The code above, when run, should print the following:

[11:48:06 INF] Starting
[11:48:11 INF] Completed 7
[11:48:11 INF] Completed 6
[11:48:11 INF] Completed 4
[11:48:11 INF] Completed 1
[11:48:11 INF] Completed 5
[11:48:11 INF] Completed 2
[11:48:11 INF] Completed 0
[11:48:11 INF] Completed 3
[11:48:16 INF] Completed 8
[11:48:16 INF] Completed 15
[11:48:16 INF] Completed 11
[11:48:16 INF] Completed 14
[11:48:16 INF] Completed 9
[11:48:16 INF] Completed 13
[11:48:16 INF] Completed 12
[11:48:16 INF] Completed 10
[11:48:21 INF] Completed 21
[11:48:21 INF] Completed 20
[11:48:21 INF] Completed 17
[11:48:21 INF] Completed 19
[11:48:21 INF] Completed 22
[11:48:21 INF] Completed 23
[11:48:21 INF] Completed 18
[11:48:21 INF] Completed 16
[11:48:26 INF] Completed 26
[11:48:26 INF] Completed 28
[11:48:26 INF] Completed 27
[11:48:26 INF] Completed 29
[11:48:26 INF] Completed 24
[11:48:26 INF] Completed 25

Note that every 5 seconds, a 8 numbers are processed. This is because my machine has 8 cores.

If you want to control this, you can do it by providing a ParallelOptions parameter to your invocation.

var options = new ParallelOptions()
{
    // Use a batch size of 5
    MaxDegreeOfParallelism = 5
};

// Invoke with our custom partitioning
await Parallel.ForEachAsync(numbers, options, async (number, token) =>
{
    await DoSomething(number);
    
    Log.Information($"Completed {number}");
});

This should return the following:

[12:06:58 INF] Starting
[12:07:03 INF] Completed 1
[12:07:03 INF] Completed 4
[12:07:03 INF] Completed 0
[12:07:03 INF] Completed 3
[12:07:03 INF] Completed 2
[12:07:08 INF] Completed 6
[12:07:08 INF] Completed 7
[12:07:08 INF] Completed 8
[12:07:08 INF] Completed 5
[12:07:08 INF] Completed 9
[12:07:13 INF] Completed 13
[12:07:13 INF] Completed 11
[12:07:13 INF] Completed 14
[12:07:13 INF] Completed 12
[12:07:13 INF] Completed 10
[12:07:18 INF] Completed 18
[12:07:18 INF] Completed 16
[12:07:18 INF] Completed 19
[12:07:18 INF] Completed 17
[12:07:18 INF] Completed 15
[12:07:23 INF] Completed 20
[12:07:23 INF] Completed 21
[12:07:23 INF] Completed 22
[12:07:23 INF] Completed 24
[12:07:23 INF] Completed 23
[12:07:28 INF] Completed 28
[12:07:28 INF] Completed 25
[12:07:28 INF] Completed 29
[12:07:28 INF] Completed 27
[12:07:28 INF] Completed 26

Note here that the numbers are still processed every 5 seconds, but the processing is grouped into batches of 5.

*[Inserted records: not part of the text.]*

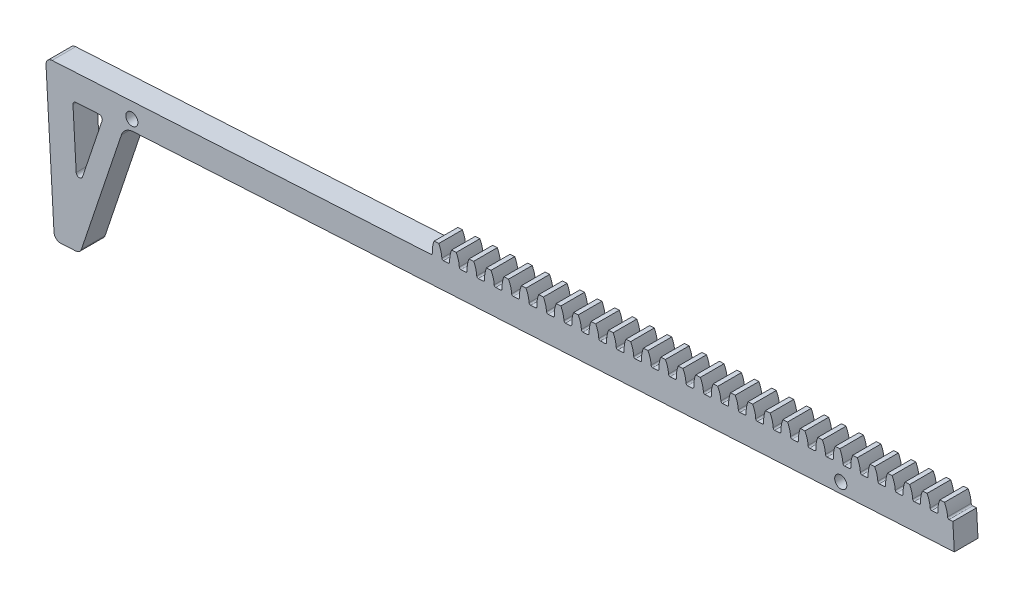
SolidWorks part; units mm, degrees
ref_plane "Front Plane" through (0, 0, 0) normal (0, 0, 1) x (1, 0, 0)
ref_plane "Top Plane" through (0, 0, 0) normal (0, 1, 0) x (1, 0, 0)
ref_plane "Right Plane" through (0, 0, 0) normal (1, 0, 0) x (0, 0, -1)
sketch "Sketch1" plane through (0, 0, 0) normal (0, 0, 1) x (1, 0, 0)
  circle A0 centre (0, 0) radius 23.4
  circle A1 centre (0, 0) radius 24.7
  circle A2 centre (0, 0) radius 21.58
  dimension "D1" = 46.8
  dimension "D2" = 49.4
  dimension "D3" = 3.12
extrude "Boss-Extrude1" add sketch "Sketch1" along normal mid plane 5.642 contours A2 | A0 A2 | A1 A0 region at (-22.7381, 0, 0) region at (-24.0014, 0, 0) region at (0, 0, 0)
sketch "Sketch3" plane through (0, 0, 2.821) normal (0, 0, 1) x (1, 0, 0)
  line L0 (0, 0) -> (0, 24.7) construction
  line L1 (-1.0207, 23.3777) -> (1.0207, 23.3777) construction
  line L2 (0, 0) -> (-0.7079, 21.5684) construction
  line L3 (0, 20.5885) -> (-1.8365, 25.6343) construction
  line L4 (0, 0) -> (2.1527, 24.606) construction
  line L5 (1.0207, 23.3777) -> (3.0543, 23.1998) construction
  circle A0 centre (0, 0) radius 24.7 construction
  arc A1 (-2.2399, 25.6022) -> (-0.7079, 21.5684) centre (-7.3591, 21.3501) cw
  arc A2 (2.2399, 25.6022) -> (0.7079, 21.5684) centre (7.3591, 21.3501) ccw
  circle A3 centre (0, 0) radius 21.58 construction
  arc A4 (0.7079, 21.5684) -> (-0.7079, 21.5684) centre (0, 0) ccw
  circle A6 centre (0, 0) radius 23.4 construction
  circle A7 centre (0, 0) radius 25.7
  arc A8 (2.2399, 25.6022) -> (-2.2399, 25.6022) centre (0, 0) ccw
  circle A9 centre (0, 0) radius 24.7 construction
  point P20 (2.0375, 23.2888)
  dimension "D2" = 20
  dimension "D3" = 5
sketch "Sketch4" plane through (0, 0, 0) normal (0, 1, 0) x (1, 0, 0)
  line L0 (0.7559, -2.821) -> (-0.7559, 2.821)
  line L1 (-24.7, -2.821) -> (24.7, -2.821) construction
  line L2 (24.7, 2.821) -> (-24.7, 2.821) construction
  line L3 (0, -3.2131) -> (0, 3.2131) construction
  dimension "D1" = 15
curve "Curve1"
sketch "Sketch5" plane through (0, 0, 2.821) normal (0, 0, 1) x (0.9995, -0.0306, 0)
  line L0 (0, 0) -> (0, 24.7) construction
  line L1 (-1.0207, 23.3777) -> (1.0207, 23.3777) construction
  line L2 (0, 0) -> (-0.7079, 21.5684) construction
  line L3 (0, 20.5885) -> (-1.8365, 25.6343) construction
  line L4 (0, 0) -> (2.1527, 24.606) construction
  line L5 (1.0207, 23.3777) -> (3.0543, 23.1998) construction
  arc A1 (-2.2399, 25.6022) -> (-0.7079, 21.5684) centre (-7.3591, 21.3501) cw
  arc A2 (2.2399, 25.6022) -> (0.7079, 21.5684) centre (7.3591, 21.3501) ccw
  arc A4 (0.7079, 21.5684) -> (-0.7079, 21.5684) centre (0, 0) ccw
  arc A8 (2.2399, 25.6022) -> (-2.2399, 25.6022) centre (0, 0) ccw
  point P20 (2.0375, 23.2888)
sketch "Sketch7" [suppressed] plane through (1.6622, 0.2826, -4.7625) normal (0, 0, 1) x (0.9724, 0.2332, 0)
  line L0 (0, 0) -> (0, 12.6) construction
  line L1 (-1.4097, 10.7076) -> (1.4097, 10.7076) construction
  line L2 (0, 0) -> (-0.707, 8.2498) construction
  line L3 (0, 6.9803) -> (-2.3358, 13.3979) construction
  line L4 (0, 0) -> (3.2611, 12.1707) construction
  line L5 (1.4097, 10.7076) -> (4.133, 9.9779) construction
  arc A1 (-3.5199, 13.1366) -> (-0.707, 8.2498) centre (-7.3467, 7.6808) cw
  arc A2 (3.5199, 13.1366) -> (0.707, 8.2498) centre (7.3467, 7.6808) ccw
  arc A4 (0.707, 8.2498) -> (-0.707, 8.2498) centre (0, 0) ccw
  arc A8 (3.5199, 13.1366) -> (-3.5199, 13.1366) centre (0, 0) ccw
  point P20 (2.7713, 10.3428)
loft "Cut-Loft1" [suppressed] cut profiles "Sketch7", "Sketch3" end constraint default
fillet "Fillet2" [suppressed] radius 0.39
pattern_circular "CirPattern2" [suppressed] count 36 over 360 of bodies 104
sketch "Sketch8" plane through (0, 0, 2.821) normal (0, 0, 1) x (1, 0, 0)
  line L0 (0, 24.7) -> (0, -24.7) construction
  line L1 (0, 0) -> (7.9375, 0) construction
  circle A0 centre (0, 0) radius 7.9375
  circle A1 centre (0, 0) radius 24.7 construction
  circle A2 centre (0, 13.5) radius 1.7526
  circle A3 centre (11.6913, 6.75) radius 1.7526
  circle A4 centre (11.6913, -6.75) radius 1.7526
  circle A5 centre (0, -13.5) radius 1.7526
  circle A6 centre (-11.6913, -6.75) radius 1.7526
  circle A7 centre (-11.6913, 6.75) radius 1.7526
  spline S0 degree 3 poles (-0.7559, 24.6884) (-0.252, 24.7039) (0.252, 24.7039) (0.7559, 24.6884) knots 0 0 0 0 1 1 1 1 weights 1 0.999688 0.999688 1 construction
  point P26 (0, 0)
  dimension "D1" = 15.875
  dimension "D2" = 13.5
  dimension "D3" = 3.5052
  dimension "D4" = 6
extrude "Cut-Extrude1" cut sketch "Sketch8" against normal through all
extrude "Cut-Extrude2" cut sketch "Sketch5" against normal through all
fillet "Fillet3" radius 0.39 2 edges at (-0.0475, 21.5799, 0) (1.3676, 21.5366, 0)
pattern_circular "CirPattern3" count 36 over 360 about axis through (0, 0, 2.821) along (0, 0, -1) of "Cut-Extrude2", "Fillet3"
sketch "Sketch9" plane through (0, 0, 2.821) normal (0, 0, 1) x (1, 0, 0)
  line L0 (0, 0) -> (0, 11.1125) construction
  line L1 (0, 0) -> (9.6237, 5.5563) construction
  circle A0 centre (0, 0) radius 11.1125 construction
  circle A1 centre (0, 0) radius 19.05 construction
  circle A2 centre (0, 13.5) radius 2.994
  circle A3 centre (11.6913, 6.75) radius 2.994
  circle A4 centre (11.6913, -6.75) radius 2.994
  circle A5 centre (0, -13.5) radius 2.994
  circle A6 centre (-11.6913, -6.75) radius 2.994
  circle A7 centre (-11.6913, 6.75) radius 2.994
  point P23 (0, 0)
  dimension "D1" = 22.225
  dimension "D3" = 5.988
  dimension "D2" = 7.9375
  dimension "D4" = 6
extrude "Cut-Extrude3" cut sketch "Sketch9" against normal blind 1.292
chamfer "Chamfer1" distance 0.2 angle 45 8 edges at (7.9375, 0, 2.821) (7.9375, 0, -2.821) (-9.9387, -6.75, 1.529) (1.7526, -13.5, 1.529) (13.4439, -6.75, 1.529) (13.4439, 6.75, 1.529) (1.7526, 13.5, 1.529) (-9.9387, 6.75, 1.529)
sketch "Sketch11" plane through (0, 0, 2.821) normal (0, 0, 1) x (1, 0, 0)
  line L0 (-2.4235, 21.8111) -> (-0.0583, 21.9452) construction
  line L1 (0.3252, 21.5775) -> (1.541, 21.6465)
  line L2 (4.6292, 21.8217) -> (5.8451, 21.8906)
  line L3 (8.9332, 22.0658) -> (10.1491, 22.1348)
  line L4 (13.2372, 22.3099) -> (14.4531, 22.3789)
  line L5 (17.5413, 22.554) -> (18.7571, 22.623)
  line L6 (21.8453, 22.7982) -> (23.0612, 22.8671)
  line L7 (26.1493, 23.0423) -> (27.3652, 23.1113)
  line L8 (30.4533, 23.2864) -> (31.6692, 23.3554)
  line L9 (34.7574, 23.5305) -> (35.9732, 23.5995)
  line L10 (39.0614, 23.7747) -> (40.2773, 23.8436)
  line L11 (43.3654, 24.0188) -> (44.5813, 24.0877)
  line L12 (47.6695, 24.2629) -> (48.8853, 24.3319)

You can use the CancellationToken token to control the cancellation should you need to cancel the processing.

Parallel.ForEachAsync thus offers benefits over Parallel.ForEach as it allows you to control the parallelism of the processing and retrieval of the results.

Thoughts

Parallel.ForEachAsync makes it easier for code that needs to run in parallel to be batched and executed with the results being periodically collected.

TDLR

Parallel.ForEachAsync provides a simple API to partition and batch asynchronous operations.

This is Day 24 of the 30 Days Of .NET 6 where every day I will attempt to explain one new / improved thing in the upcoming release of .NET 6.